▶ [Exercise goal] The expected answer is a bare count of the lines in the data below that contain "through".

[Stored dataset items]
--------------------------------

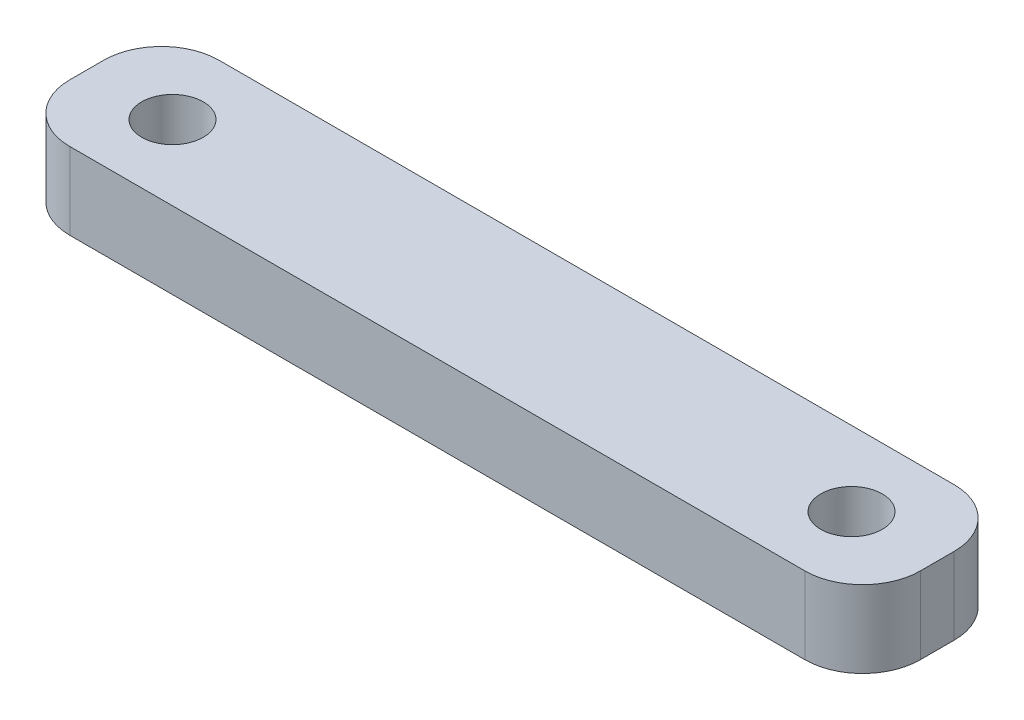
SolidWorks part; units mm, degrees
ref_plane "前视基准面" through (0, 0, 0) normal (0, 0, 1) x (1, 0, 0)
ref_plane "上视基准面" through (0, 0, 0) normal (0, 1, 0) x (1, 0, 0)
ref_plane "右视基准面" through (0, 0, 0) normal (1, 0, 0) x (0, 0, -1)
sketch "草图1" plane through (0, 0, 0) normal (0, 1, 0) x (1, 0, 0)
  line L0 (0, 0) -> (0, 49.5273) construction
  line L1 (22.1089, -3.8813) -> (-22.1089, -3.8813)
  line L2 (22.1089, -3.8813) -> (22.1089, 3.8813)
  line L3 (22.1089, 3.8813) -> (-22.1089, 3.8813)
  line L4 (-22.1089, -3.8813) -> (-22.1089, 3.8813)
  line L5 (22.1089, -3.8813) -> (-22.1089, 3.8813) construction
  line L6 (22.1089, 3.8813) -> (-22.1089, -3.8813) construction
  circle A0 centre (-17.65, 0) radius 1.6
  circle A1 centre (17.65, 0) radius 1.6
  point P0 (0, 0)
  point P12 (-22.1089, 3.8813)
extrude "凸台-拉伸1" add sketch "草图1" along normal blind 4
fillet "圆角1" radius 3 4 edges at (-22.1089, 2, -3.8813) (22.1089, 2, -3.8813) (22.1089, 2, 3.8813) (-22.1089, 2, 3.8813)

--------------------------------

▶ [Your response] 4